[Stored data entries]
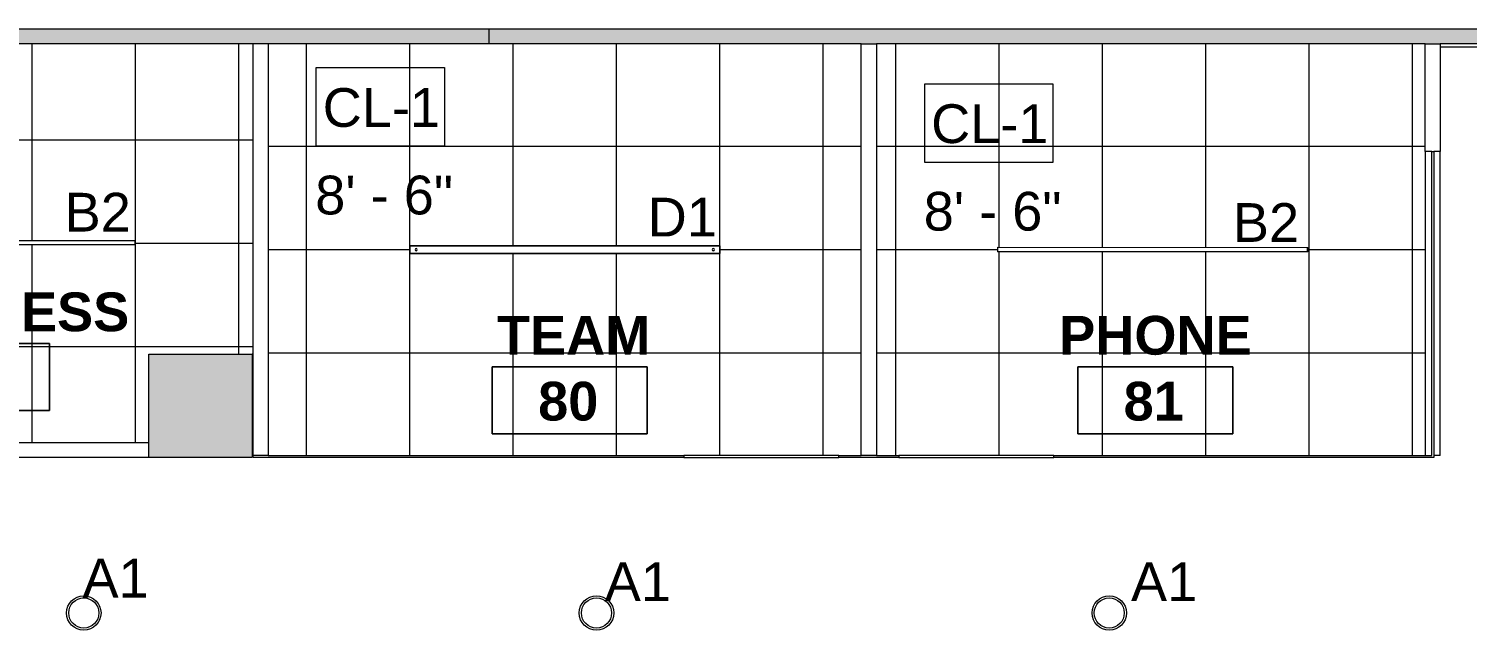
# Model space of a CAD drawing. Header units: inches. Extents: x 0 to 1865, y 0 to 1094.
# Drawn here: x 1041.1 to 1375.2, y 613.3 to 753 of the extents above; entities that cross this region are included whole.
import ezdxf

# ---------------------------------------------------------------- set-up
doc = ezdxf.new("R2010")
doc.units = ezdxf.units.IN
doc.header["$MEASUREMENT"] = 0
for name, color, linetype, lineweight in [('A-AREA-IDEN', 2, 'Continuous', 9), ('A-CLNG', 13, 'Continuous', 13), ('A-CLNG-IDEN', 151, 'Continuous', 9), ('A-CLNG-PATT', 13, 'Continuous', 13), ('A-DETL-GENF', 92, 'Continuous', 9), ('A-WALL', 113, 'Continuous', 13), ('A-WALL-PATT', 111, 'Continuous', 13), ('E-LITE-EQPM', 33, 'Continuous', 9), ('E-LITE-EQPM-IDEN', 33, 'Continuous', 9), ('I-WALL', 2, 'Continuous', 13), ('S-COLS', 52, 'Continuous', 13)]:
    doc.layers.add(name, color=color, linetype=linetype, lineweight=lineweight)
doc.styles.add('Arial', font='arial.ttf', dxfattribs={"height": 9})
doc.styles.add('Swis721 Lt BT', font='swissl.ttf', dxfattribs={"height": 9})
doc.styles.add('Swis721 Lt BT_B', font='', dxfattribs={"height": 9})
doc.styles.get('Swis721 Lt BT_B').set_extended_font_data('Swis721 Lt BT', bold=True)

# ---------------------------------------------------------------- blocks, each defined once
blk = doc.blocks.new('Concrete-Rectangular-Column - 24_ X 24_-6973359-REFLECTED CEILING PLAN')
at = {"layer": 'S-COLS', "lineweight": 9}
blk.add_hatch(color=7, dxfattribs=at).paths.add_polyline_path([(12, -12), (12, 12), (-12, 12), (-12, -12)], flags=0)
at = {"layer": 'S-COLS', "color": 8, "lineweight": 20}
for p, q in [((-12, 12), (12, 12)), ((-12, -12), (-12, 12)), ((12, 12), (12, -12)), ((12, -12), (-12, -12))]:
    blk.add_line(p, q, dxfattribs=at)
blk = doc.blocks.new('L-PENDANT_FOCAL POINT 3_5 CYLINDER - L-PENDANT_FOCAL POINT 3_5 CYLINDER-7826649-REFLECTED CEILING PLAN')
at = {"layer": 'E-LITE-EQPM'}
for radius in [4, 3.5]:
    blk.add_circle((-0.125, 0), radius, dxfattribs=at)
blk = doc.blocks.new('Lighting fixture TBLS-HX-4-15-B-U-W - TBLS-HX-4-24 - 6_-7900651-REFLECTED CEILING PLAN')
at = {"layer": 'E-LITE-EQPM'}
for p, q in [((-0.5375, 23.675), (0.5375, 23.675)), ((-0.5375, 23.675), (-0.5375, -48.325)), ((-0.46875, 23.753125), (0.46875, 23.753125)), ((-0.46875, 23.753125), (-0.46875, 23.675)), ((0.46875, 23.675), (0.46875, 23.753125)), ((0.5375, -48.325), (0.5375, 23.675)), ((0.5375, -48.325), (-0.5375, -48.325))]:
    blk.add_line(p, q, dxfattribs=at)
blk = doc.blocks.new('L-Pendant-Axis-Sculpt-Direct_Indirect - SCDI-F-6-7910871-REFLECTED CEILING PLAN')
at = {"layer": 'A-DETL-GENF'}
for p, q in [((-36, -0.875), (-36, 0.875)), ((-36, 0.875), (36, 0.875)), ((36, 0.875), (-36, 0.875)), ((-36, 0.875), (-36, -0.875)), ((36, 0.875), (36, -0.875)), ((36, -0.875), (36, 0.875)), ((36, -0.875), (-36, -0.875)), ((-36, -0.875), (36, -0.875))]:
    blk.add_line(p, q, dxfattribs=at)
for centre in [(-34.5, 0), (34.5, 0)]:
    blk.add_circle(centre, 0.25, dxfattribs=at)
blk = doc.blocks.new('Room Tag - Room Name and Number-3379422-REFLECTED CEILING PLAN')
at = {"layer": 'A-AREA-IDEN'}
for p, q in [((-0.1881, -0.1636), (-0.1881, -0.0018)), ((-0.1881, -0.0018), (0.1869, -0.0018)), ((0.1869, -0.0018), (-0.1881, -0.0018)), ((-0.1881, -0.0018), (-0.1881, -0.1636)), ((0.1869, -0.0018), (0.1869, -0.1636)), ((0.1869, -0.1636), (0.1869, -0.0018)), ((0.1869, -0.1636), (-0.1881, -0.1636)), ((-0.1881, -0.1636), (0.1869, -0.1636))]:
    blk.add_line(p, q, dxfattribs=at)

msp = doc.modelspace()

# ---------------------------------------------------------------- hatches: boundary and pattern name
at = {"layer": 'A-CLNG-PATT'}
h = msp.add_hatch(dxfattribs=at)
h.set_pattern_fill('FP_8', color=256, style=0, pattern_type=2)
h.set_pattern_definition([(0, (1161.906, 703.213), (0, -24), []), (270, (1161.906, 703.213), (-24, -1e-15), [])])
h.paths.add_polyline_path([(1008.62, 656.93), (1069, 656.93), (1069, 677.43), (1093.25, 677.43), (1093.25, 749.5), (966.56, 749.5), (966.56, 656.93), (969.38, 656.93), (969.38, 657.68), (971, 657.68), (971, 693.68), (972.38, 693.68), (972.38, 657.68), (1008.62, 657.68), (1008.62, 657.18)], flags=0)
h.paths.add_polyline_path([(1065.84, 702.79), (993.84, 702.8), (993.84, 703.87), (1065.84, 703.87)], flags=0)
h = msp.add_hatch(dxfattribs=at)
h.set_pattern_fill('FP_13', color=256, style=0, pattern_type=2)
h.set_pattern_definition([(180, (1153.625, 701.713), (3e-15, 24), []), (90, (1153.625, 701.713), (24, -1e-15), [])])
h.paths.add_polyline_path([(1227.21, 653.93), (1234.5, 653.93), (1234.5, 749.5), (1096.75, 749.5), (1096.75, 653.93), (1193.25, 653.93)], flags=0)
h.paths.add_polyline_path([(1201.63, 700.84), (1129.63, 700.84), (1129.63, 702.59), (1201.63, 702.59)], flags=0)
h = msp.add_hatch(dxfattribs=at)
h.set_pattern_fill('FP_14', color=256, style=0, pattern_type=2)
h.set_pattern_definition([(180, (1290.5, 701.713), (3e-15, 24), []), (90, (1290.5, 701.713), (24, -1e-15), [])])
h.paths.add_polyline_path([(1243.25, 653.93), (1365.5, 653.93), (1365.5, 749.5), (1238, 749.5), (1238, 653.93)], flags=0)
h.paths.add_polyline_path([(1338.17, 698.11), (1338.17, 701.17), (1266.17, 701.18), (1266.17, 702.25), (1338.17, 702.25)], flags=0)
at = {"layer": 'A-WALL-PATT', "lineweight": 9}
for points in [[(1096.75, 749.5), (963.06, 753), (963.06, 749.5), (1093.25, 749.5)], [(1369, 749.5), (1462.13, 749.5), (1462.13, 753), (963.06, 753), (1096.75, 749.5), (1367.23, 749.5)]]:
    msp.add_hatch(color=7, dxfattribs=at).paths.add_polyline_path(points, flags=0)

# ---------------------------------------------------------------- linework, layer by layer
at = {"layer": 'A-CLNG'}
for p, q in [((1488, 748.75), (1369, 748.75)), ((1093.25, 677.43), (1093, 677.43))]:
    msp.add_line(p, q, dxfattribs=at)
at = {"layer": 'A-CLNG-IDEN', "flags": 128}
for points in [[(1107.9, 743.97), (1137.66, 743.97), (1137.66, 725.74), (1107.9, 725.74)], [(1249.23, 740.21), (1278.99, 740.21), (1278.99, 721.98), (1249.23, 721.98)]]:
    msp.add_lwpolyline(points, close=True, dxfattribs=at)
at = {"layer": 'A-WALL'}
for p, q in [((1234.5, 749.5), (1238, 749.5)), ((1365.5, 749.5), (1369, 749.5)), ((1367, 724.5), (1367.5, 724.5)), ((1096.75, 653.93), (1093.25, 653.93)), ((1238, 653.93), (1234.5, 653.93))]:
    msp.add_line(p, q, dxfattribs=at)
at = {"layer": 'I-WALL', "color": 8, "lineweight": 20}
for p, q in [((963.06, 753), (1462.13, 753)), ((1148, 753), (1148, 749.5)), ((1234.5, 749.5), (963.06, 749.5)), ((1365.5, 749.5), (1238, 749.5)), ((1462.13, 749.5), (1369, 749.5))]:
    msp.add_line(p, q, dxfattribs=at)
at = {"layer": 'I-WALL'}
for p, q in [((1093.25, 653.43), (1093.25, 749.5)), ((1096.75, 749.5), (1096.75, 653.93)), ((1234.5, 653.93), (1234.5, 749.5)), ((1238, 749.5), (1238, 653.93)), ((1365.5, 724.5), (1365.5, 749.5)), ((1369, 749.5), (1369, 724.5)), ((1367, 724.5), (1365.5, 724.5)), ((1367, 653.93), (1367, 724.5)), ((1367.5, 724.5), (1367.5, 653.43)), ((1369, 724.5), (1367.5, 724.5)), ((1008.25, 656.93), (1069, 656.93)), ((1069, 653.43), (1008.25, 653.43)), ((1193.25, 653.43), (1093.25, 653.43)), ((1096.75, 653.93), (1193.25, 653.93)), ((1193.25, 653.93), (1193.25, 653.43)), ((1229.25, 653.43), (1229.25, 653.93)), ((1229.25, 653.93), (1234.5, 653.93)), ((1243.25, 653.43), (1229.25, 653.43)), ((1238, 653.93), (1243.25, 653.93)), ((1243.25, 653.93), (1243.25, 653.43)), ((1279.25, 653.43), (1279.25, 653.93)), ((1279.25, 653.93), (1367, 653.93)), ((1367.5, 653.43), (1279.25, 653.43))]:
    msp.add_line(p, q, dxfattribs=at)
at = {"layer": 'I-WALL', "lineweight": 9}
for p, q in [((1365.5, 724.5), (1365.5, 653.93)), ((1369, 653.93), (1369, 724.5)), ((1229.25, 653.93), (1193.25, 653.93)), ((1193.25, 653.43), (1229.25, 653.43)), ((1279.25, 653.93), (1243.25, 653.93)), ((1243.25, 653.43), (1279.25, 653.43)), ((1369, 653.93), (1367.5, 653.93))]:
    msp.add_line(p, q, dxfattribs=at)

# ---------------------------------------------------------------- block references
at = {"layer": 'A-AREA-IDEN', "xscale": 95.99999999999994, "yscale": 95.99999999999994, "zscale": 95.99999999999994}
for p in [(1027.98, 680.09), (1166.84, 674.65), (1302.83, 674.65)]:
    msp.add_blockref('Room Tag - Room Name and Number-3379422-REFLECTED CEILING PLAN', p, dxfattribs=at)
at = {"layer": 'E-LITE-EQPM', "extrusion": (0, 0, -1)}
for name, p, rotation in [('Lighting fixture TBLS-HX-4-15-B-U-W - TBLS-HX-4-24 - 6_-7900651-REFLECTED CEILING PLAN', (-1042.16, 703.33), 90.00343804112106), ('L-Pendant-Axis-Sculpt-Direct_Indirect - SCDI-F-6-7910871-REFLECTED CEILING PLAN', (-1165.62, 701.71), 180), ('Lighting fixture TBLS-HX-4-15-B-U-W - TBLS-HX-4-24 - 6_-7900651-REFLECTED CEILING PLAN', (-1314.5, 701.71), 90.00343804112106)]:
    msp.add_blockref(name, p, dxfattribs=dict(at, rotation=rotation))
at = {"layer": 'E-LITE-EQPM'}
for p in [(1054.03, 617.34), (1173.12, 617.34), (1292.22, 617.34)]:
    msp.add_blockref('L-PENDANT_FOCAL POINT 3_5 CYLINDER - L-PENDANT_FOCAL POINT 3_5 CYLINDER-7826649-REFLECTED CEILING PLAN', p, dxfattribs=at)
at = {"layer": 'S-COLS', "lineweight": 9}
msp.add_blockref('Concrete-Rectangular-Column - 24_ X 24_-6973359-REFLECTED CEILING PLAN', (1081, 665.43), dxfattribs=at)

# ---------------------------------------------------------------- texts
at = {"layer": 'A-AREA-IDEN', "char_height": 9, "attachment_point": 1, "style": 'Swis721 Lt BT_B'}
for s, insert, width in [('WELLNESS', (994.62, 691.77), 80.598), ('TEAM', (1149.87, 686.33), 40.905), ('PHONE', (1280.47, 686.33), 53.934), ('80', (1159.44, 671.03), 16.968), ('81', (1295.43, 671.03), 16.968)]:
    msp.add_mtext(s, dxfattribs=dict(at, insert=insert, width=width))
at = {"layer": 'A-CLNG-IDEN', "char_height": 9, "attachment_point": 1, "style": 'Swis721 Lt BT'}
for s, insert, width in [('CL-1', (1109.4, 739.22), 32.118), ('CL-1', (1250.73, 735.46), 32.118), ('8\' - 6"', (1107.66, 718.89), 36.36), ('8\' - 6"', (1249, 715.13), 36.36)]:
    msp.add_mtext(s, dxfattribs=dict(at, insert=insert, width=width))
at = {"layer": 'E-LITE-EQPM-IDEN', "char_height": 9, "attachment_point": 1, "style": 'Arial'}
for s, insert, width in [('B2', (1049.46, 714.91), 18.786), ('D1', (1184.89, 713.77), 19.695), ('B2', (1320.82, 712.51), 18.786), ('A1', (1053.61, 629.92), 18.786), ('A1', (1174.92, 629.09), 18.786), ('A1', (1297.15, 629.09), 18.786)]:
    msp.add_mtext(s, dxfattribs=dict(at, insert=insert, width=width))

doc.saveas('drawing.dxf')

## Instructions for the task
Look through the entries above; find each line with the word "TBLS" and copy it.

## Written answer
blk = doc.blocks.new('Lighting fixture TBLS-HX-4-15-B-U-W - TBLS-HX-4-24 - 6_-7900651-REFLECTED CEILING PLAN')
for name, p, rotation in [('Lighting fixture TBLS-HX-4-15-B-U-W - TBLS-HX-4-24 - 6_-7900651-REFLECTED CEILING PLAN', (-1042.16, 703.33), 90.00343804112106), ('L-Pendant-Axis-Sculpt-Direct_Indirect - SCDI-F-6-7910871-REFLECTED CEILING PLAN', (-1165.62, 701.71), 180), ('Lighting fixture TBLS-HX-4-15-B-U-W - TBLS-HX-4-24 - 6_-7900651-REFLECTED CEILING PLAN', (-1314.5, 701.71), 90.00343804112106)]:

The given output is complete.